This paper looks at the relationship between Nifty returns and US Dollar - Indian Rupee Exchange Rates. The study looks into the causal relationship between Nifty returns and exchange rate using Granger Causality test. It took daily data covering the period from January, 2009 to June, 2019. In this study, it was found that both variables were non–normally distributed. With the help of Unit Root Test, it was also verified that Nifty returns as well as Exchange rate, were stationary at the first difference form. Using Granger Causality test it is proved there was a bidirectional relationship between Nifty returns and Exchange rates. From the further investigation it is evident there is a causality running from exchange rate return to stock market return. Finally, employing impulse response function it found that there is a negative relationship among the variables.



 

1.      INTRODUCTION

 

Share price refers to the market value of a firm’s single stock on the day it trades. Stock market volatility is the range of price change, a security experiences over a given period of time. Different factors like company performance, corporate image, GDP, exchange rate, interest rate, money supply etc. will influence the stock price. If the price of the stock stays relatively stable, the security has low volatility and vice versa.

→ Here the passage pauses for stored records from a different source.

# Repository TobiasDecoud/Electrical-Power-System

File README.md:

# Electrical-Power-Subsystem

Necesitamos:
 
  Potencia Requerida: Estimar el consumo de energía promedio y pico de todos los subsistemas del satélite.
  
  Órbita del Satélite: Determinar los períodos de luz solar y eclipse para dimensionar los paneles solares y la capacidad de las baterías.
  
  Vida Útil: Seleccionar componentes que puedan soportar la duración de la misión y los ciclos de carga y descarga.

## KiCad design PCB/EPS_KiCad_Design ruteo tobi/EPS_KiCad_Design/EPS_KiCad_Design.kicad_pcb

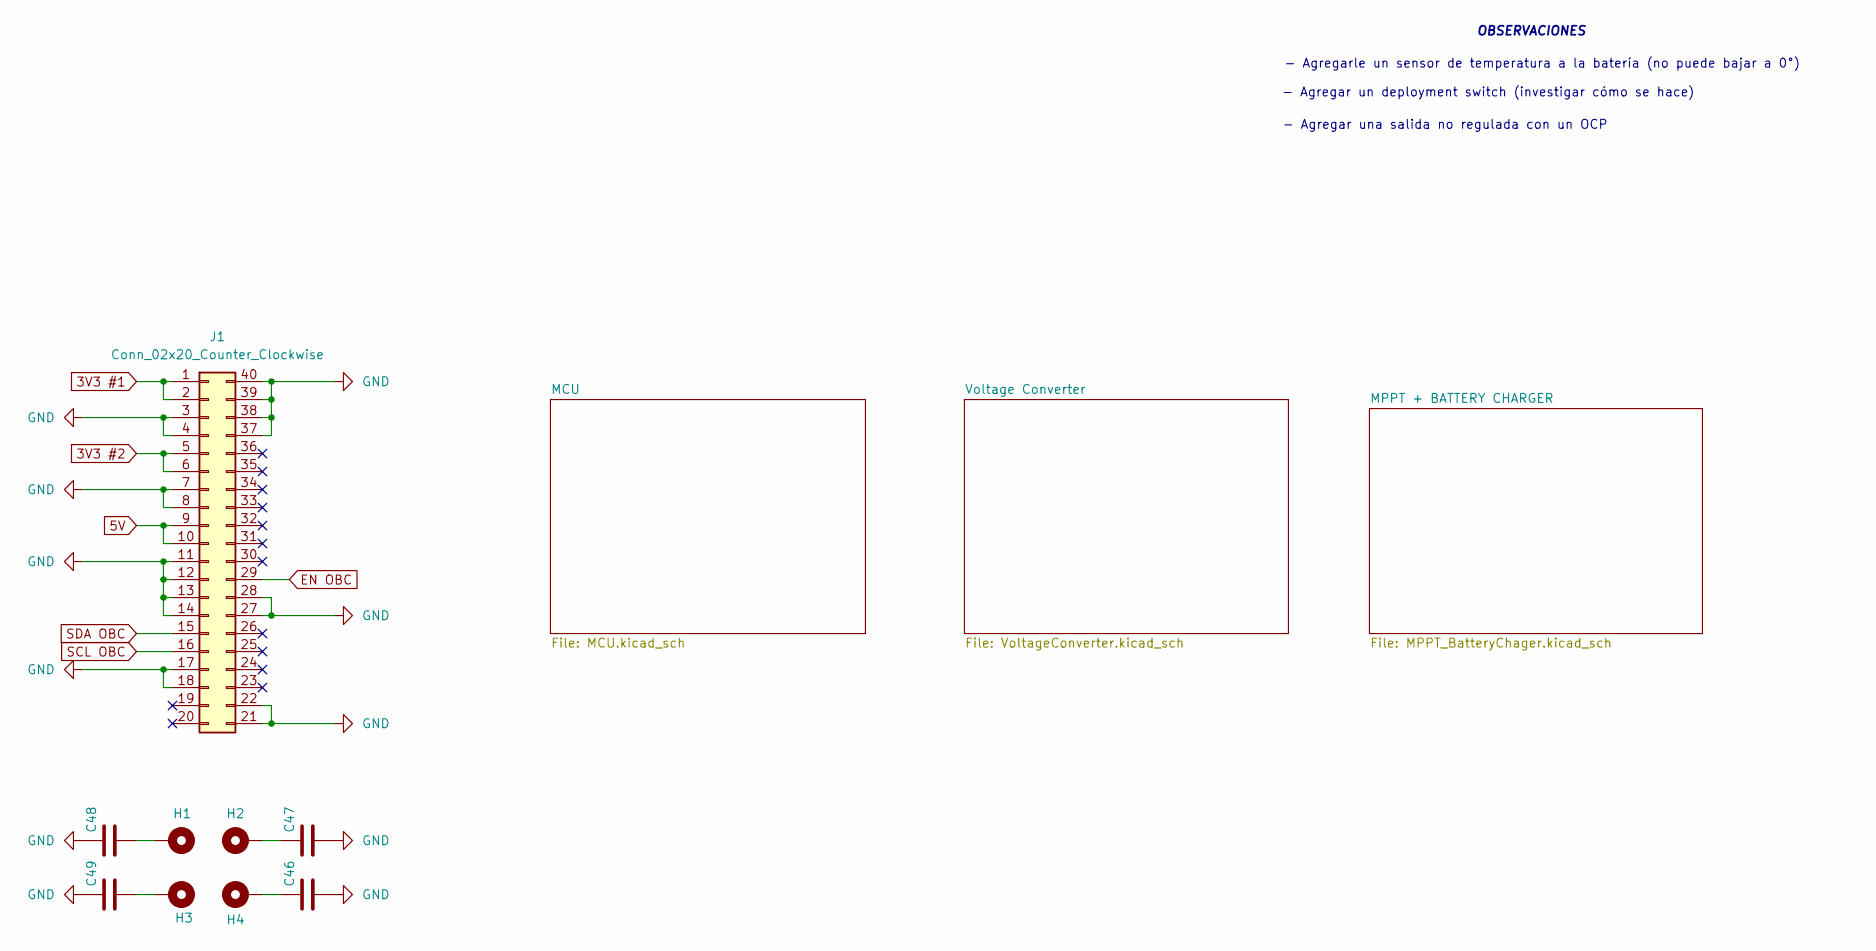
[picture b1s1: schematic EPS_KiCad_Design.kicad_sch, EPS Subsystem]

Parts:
C46, C47, C48, C49: 100nF; C_0805_2012Metric_Pad1.18x1.45mm_HandSolder
H1, H2, H3, H4: MountingHole_Pad; MountingHole_3.2mm_M3_Pad_Via
J1: Conn_02x20_Counter_Clockwise; PinSocket_2x20_P2.54mm_Vertical

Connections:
3V3 #1: J1.1, J1.2; also elsewhere on the board
3V3 #2: J1.5, J1.6; also elsewhere on the board
5V: J1.9, J1.10; also elsewhere on the board
EN OBC: J1.29; also elsewhere on the board
GND: C46.2, C47.2, C48.1, C49.1, J1.3, J1.4, J1.7, J1.8, J1.11, J1.12, J1.13, J1.14, J1.17, J1.18, J1.21, J1.22, J1.27, J1.28, J1.37, J1.38, J1.39, J1.40; also elsewhere on the board
unnamed: C46.1, H4.1
unnamed: C47.1, H2.1
unnamed: C48.2, H1.1
unnamed: C49.2, H3.1
SCL OBC: J1.16; also elsewhere on the board
SDA OBC: J1.15; also elsewhere on the board

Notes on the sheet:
OBSERVACIONES
- Agregar un deployment switch (investigar cómo se hace)
- Agregarle un sensor de temperatura a la batería (no puede bajar a 0°)
- Agregar una salida no regulada con un OCP

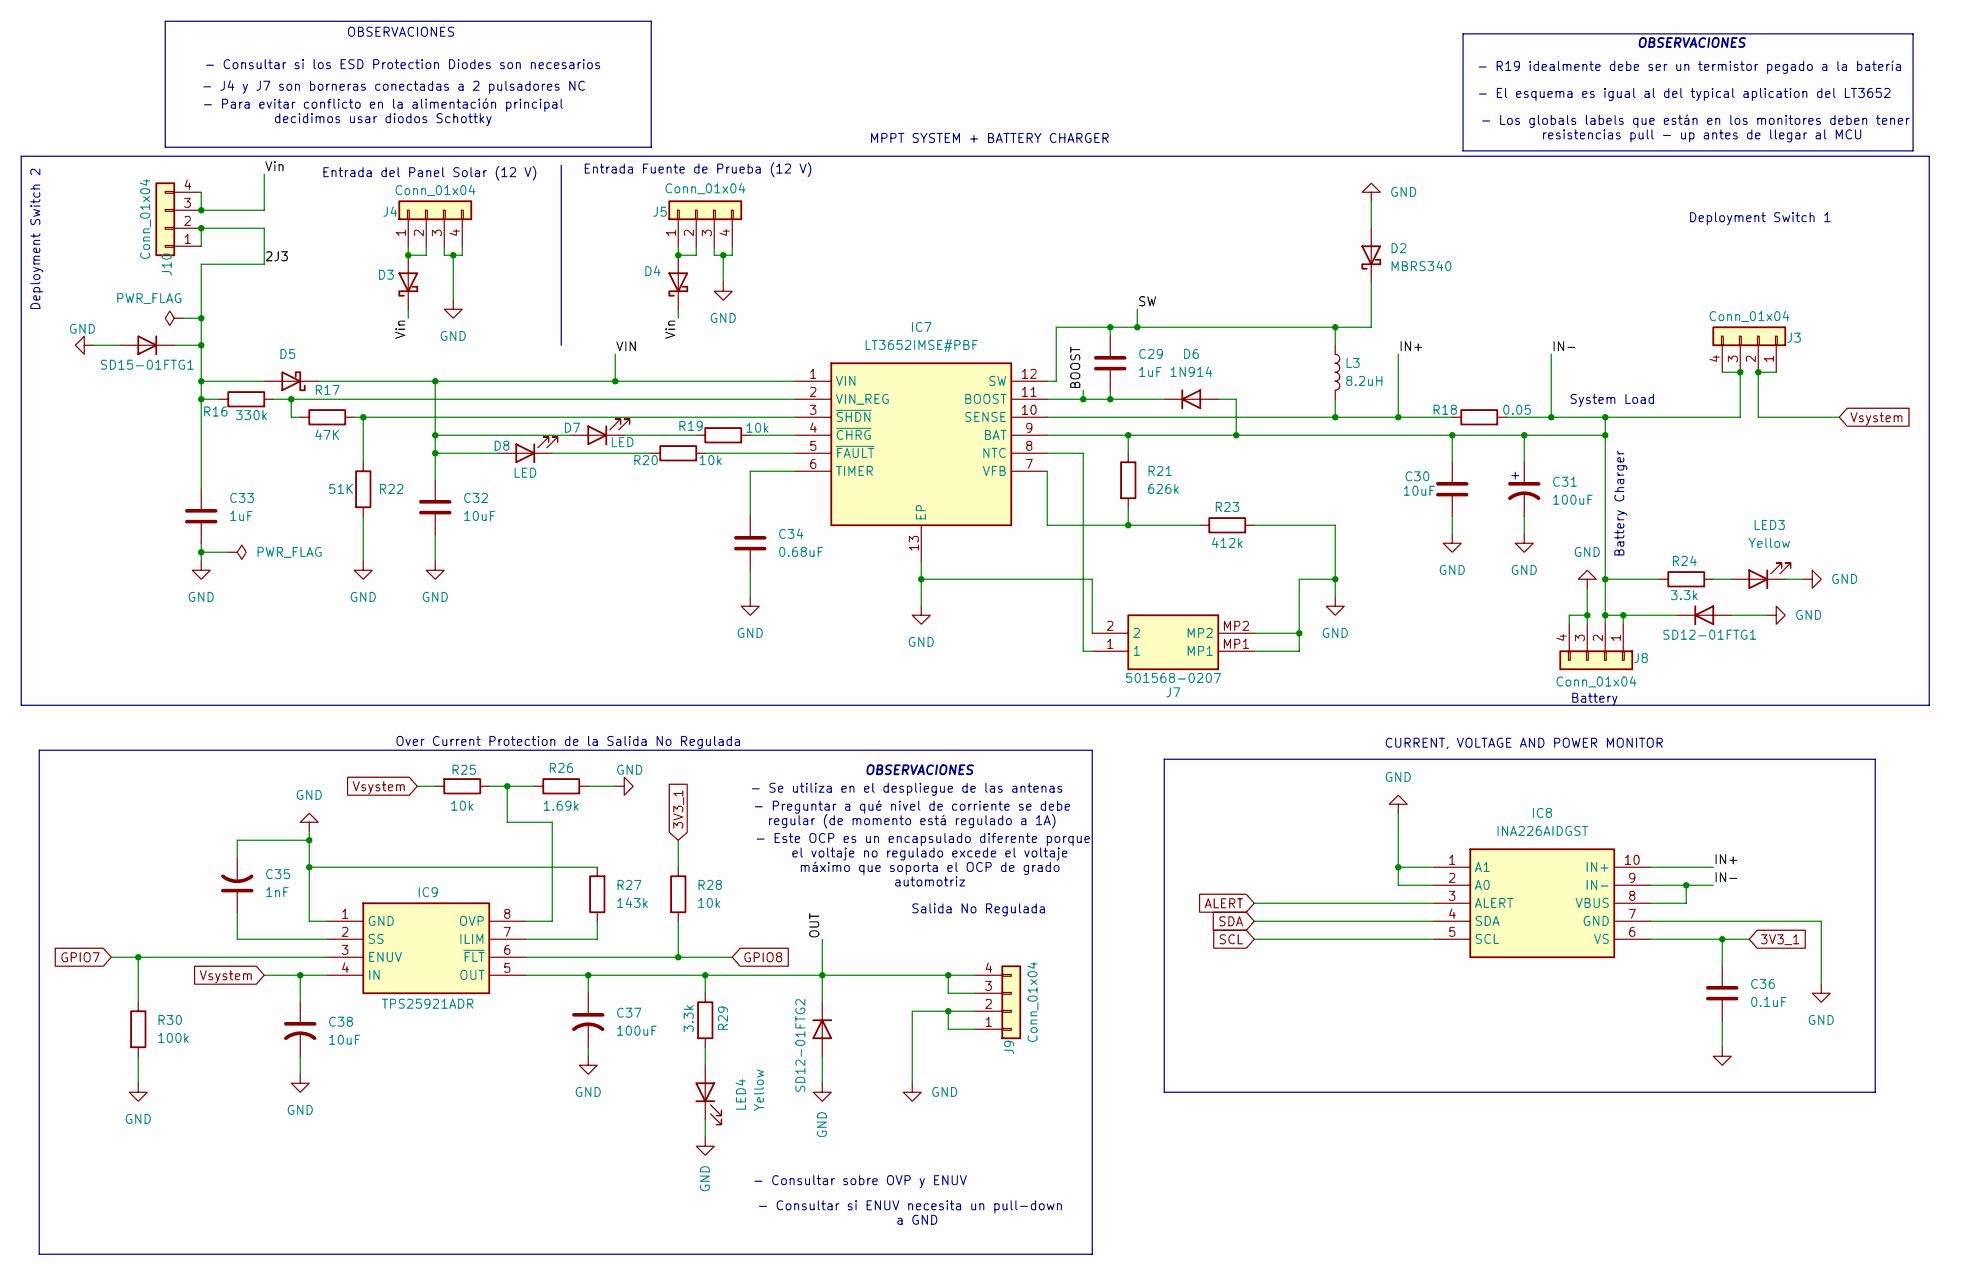
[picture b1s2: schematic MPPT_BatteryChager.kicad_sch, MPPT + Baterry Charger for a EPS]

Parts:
C29, C33: 1uF; C_0805_2012Metric_Pad1.18x1.45mm_HandSolder
C30, C32, C38: 10uF; C_0805_2012Metric_Pad1.18x1.45mm_HandSolder
C31, C37: 100uF; CAPPM7344X310N
C34: 0.68uF; C_0805_2012Metric_Pad1.18x1.45mm_HandSolder
C35: 1nF; C_0805_2012Metric_Pad1.18x1.45mm_HandSolder
C36: 0.1uF; C_0805_2012Metric_Pad1.18x1.45mm_HandSolder
D2, D3, D4, D5: MBRS340; SODFL3517X110N
D6: 1N914; SODFL4725X110N
D7, D8: LED; LED_0805_2012Metric_Pad1.15x1.40mm_HandSolder
IC7: LT3652IMSE#PBF; SOP65P490X110-13N; Mouser Part Number 584-LT3652IMSE#PBF
IC8: INA226AIDGST; SOP50P490X110-10N; Mouser Part Number 595-INA226AIDGST
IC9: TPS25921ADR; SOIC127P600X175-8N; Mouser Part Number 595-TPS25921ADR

Due to globalization the world trade increased, as a result inflow of vast sum of funds between the nations and cross listing of securities also increased. As the world economies are interconnected exchange rates, especially the rates of domestic currencies against US dollar, is of utmost importance to the investor fraternity. Exchange rate is the rate at which one currency is exchanged for another or it may say that, it is the value of one currency for the purpose of conversion to another. Exchange rate volatility that is, unexpected movements in exchange rate have an influence on stock market. Because countries experiencing high volatility can attract only less foreign investment. Moreover, the exchange rate volatility affects the competitiveness of export market and import market, it may have positive or negative effect on the stock market. Here arises the relevance of this research.

 

Talking in the Indian context, a positive move in the exchange rate, that is rupee gaining strength against US Dollar, would have substantial impact over the financials of companies with considerable import bills to be met with their overseas partner. The gain that they could realise from this exchange rate volatility will definitely be reflected by positive movements in their stock values. Likewise, rupee depreciating against dollar would create an affirmative setting for companies with huge export potential, which may result in their stock prices rallying. All the companies that forms the NIFTY 50 is involved in international trade in one way or the other. Inadvertently, they are all sensitive to the exchange rate volatility because such a rate fluctuation will have direct impact on their profitability and financial statements obviously. Thus in an interconnected global financial system, exchange rate is crucial.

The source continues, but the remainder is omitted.